Rather than completely shut down the theatre during renovations, Proctors chose to remain open and allow the community to take an active role in the restoration. One program strongly supported by the public, initiated in 1980, to help refurbish seats, allowed patrons to pay $100 for a new seat with a personalized plaque. Even famous performers took part—Vincent Price generously contributed and actor Hal Holbrook donated money to restore every seat in Row HH of the orchestra level.
In 1980, Proctors was named to the National Register of Historic Places. Four years later, Proctors became part of the League of Historic American Theatres, and, in 2009, was named “Outstanding Theatre” by the organization. Proctors also received the “Excellence in Historic Preservation” award in 2008, from the Preservation League of New York State.
Since its 1979 rebirth, Proctors has completed many projects designed to ensure a long and bright future.
By 1983, new installations included carpeting throughout the facility, a replica of the original house curtain, replicas of the 1926 marquees and a backstage crossover. Proctors also acquired Goldie, the Mighty Wurlitzer, and installed a hydraulic lift for the organ and orchestra pit floor. The ladies’ lounge and powder room were redecorated in 1986, and in 1992 the entire roof was replaced. The ceiling dome and front half of the theatre were painstakingly restored in 1997, and the addition of air conditioning in 1999 allowed for year-round use.

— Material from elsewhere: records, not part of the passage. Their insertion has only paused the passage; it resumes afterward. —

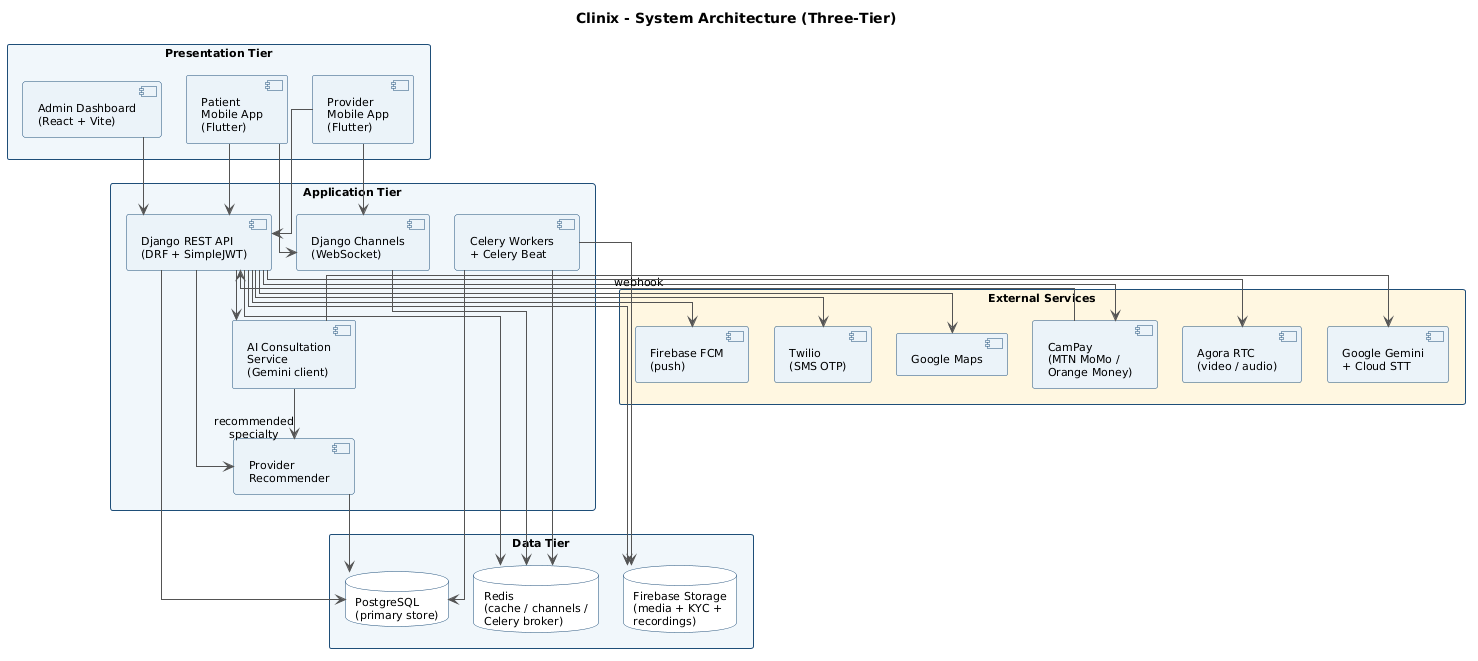

The diagram above was rendered by PlantUML. Its source (embedded in the PNG):
@startuml
' --------------------------------------------------------------
' System Architecture - three-tier component view + external SaaS
' Figure 3.6 in the BTech report
'
' Layout strategy:
'   - Strict top-to-bottom flow: Presentation -> Application -> Data
'   - External SaaS shown on the right as a separate column,
'     reached only from the Application tier
'   - Orthogonal lines to avoid spaghetti
'   - Only non-obvious arrows are labelled
' --------------------------------------------------------------
title Clinix - System Architecture (Three-Tier)

skinparam backgroundColor #FFFFFF
skinparam shadowing false
skinparam defaultFontName "Inter, Helvetica, sans-serif"
skinparam defaultFontSize 11
skinparam ComponentBorderColor #1F4E79
skinparam ComponentBackgroundColor #EAF2F9
skinparam RectangleBorderColor #1F4E79
skinparam RectangleBackgroundColor #F5F9FC
skinparam DatabaseBorderColor #1F4E79
skinparam DatabaseBackgroundColor #FFFFFF
skinparam ArrowColor #555555
skinparam linetype ortho
skinparam Nodesep 25
skinparam Ranksep 50

' =========== PRESENTATION TIER ===========
rectangle "Presentation Tier" as PT #F0F7FB {
  component "Patient\nMobile App\n(Flutter)"    as PatientApp
  component "Provider\nMobile App\n(Flutter)"   as ProviderApp
  component "Admin Dashboard\n(React + Vite)"   as Admin
}

' =========== APPLICATION TIER ===========
rectangle "Application Tier" as AT #F0F7FB {
  component "Django REST API\n(DRF + SimpleJWT)" as API
  component "Django Channels\n(WebSocket)"       as Channels
  component "Celery Workers\n+ Celery Beat"      as Celery
  component "AI Consultation\nService\n(Gemini client)" as AI
  component "Provider\nRecommender"              as Reco
}

' =========== DATA TIER ===========
rectangle "Data Tier" as DT #F0F7FB {
  database "PostgreSQL\n(primary store)"           as PG
  database "Redis\n(cache / channels /\nCelery broker)" as Redis
  database "Firebase Storage\n(media + KYC +\nrecordings)"   as FS
}

' =========== EXTERNAL SERVICES (right column) ===========
rectangle "External Services" as ES #FFF7E0 {
  component "CamPay\n(MTN MoMo /\nOrange Money)" as CamPay
  component "Agora RTC\n(video / audio)"         as Agora
  component "Firebase FCM\n(push)"               as FCM
  component "Twilio\n(SMS OTP)"                  as Twilio
  component "Google Maps"                        as Maps
  component "Google Gemini\n+ Cloud STT"         as GCloud
}

' ---------- Presentation -> Application ----------
' (HTTPS / WSS implied; not labelled to avoid clutter)
PatientApp  --> API
ProviderApp --> API
Admin       --> API
PatientApp  --> Channels
ProviderApp --> Channels

' ---------- Internal Application wiring ----------
API --> AI
API --> Reco
AI  --> Reco       : recommended\nspecialty

' ---------- Application -> Data ----------
API      --> PG
API      --> Redis
API      --> FS
Channels --> Redis
Celery   --> Redis
Celery   --> PG
Celery   --> FS
Reco     --> PG

' ---------- Application -> External ----------
API    --> CamPay
API    --> Agora
API    --> FCM
API    --> Twilio
API    --> Maps
AI     --> GCloud

' ---------- External callback ----------
CamPay --> API     : webhook
@enduml

In 2003, Proctors embarked on an exciting new $40 million expansion. A new stage house, three times the size of the previous stage, was completed in December 2005, to accommodate the largest touring Broadway shows. In September 2007, renovations of the adjacent former Carl Company were finalized, adding the 434-seat GE Theatre, as well as the Box Office at Proctors, new conference rooms, offices and a cafe. Around the same time, four doors up from Proctors, Upstairs at 440 was opened for small community productions and as an artist workspace.
In 2005, Proctors launched Marquee Power, making it the only performing arts center in the country to heat and cool itself and surrounding properties through district energy.
More changes came in early 2011, including the sale of 440 State Street, and a new management deal with Capital Repertory Theatre, on Pearl Street in Albany. Ownership of the coffee shop in Robb Alley was transferred to Proctors, and became Apostrophe Café. In July, construction was completed on the Schenectady Heritage Area Visitors Center, welcoming new visitors downtown.
In 2015, EverGreene Architectural Arts wrapped a final, two-year intensive renovation, returning Proctors to the glitter and glory of its opening day.
Also that year, Proctors formed a “strategic alliance” with Universal Preservation Hall on Washington Street in Saratoga Springs, managing many operational and marketing aspects in a relationship similar to that of Proctors and theREP. A full renovation will result in greatly expanded programming by early 2018.
And, in 2016, Proctors and the School of the Performing Arts at Proctors announced the construction of The Adeline Graham Theatrical Training and Innovation Center. The Addy, as the center will be commonly known, will engage the region’s young “rising stars” and impact the future of career opportunities in the creative arts via a multi-use arts education space, which will include a 100-seat theatre, three classrooms, a media lab and a dance studio/event space.
With these changes and a rich history of community support, Proctors, currently celebrating its 90th year, has truly become a performing arts center and cultural anchor in downtown Schenectady, and throughout New York’s Capital Region.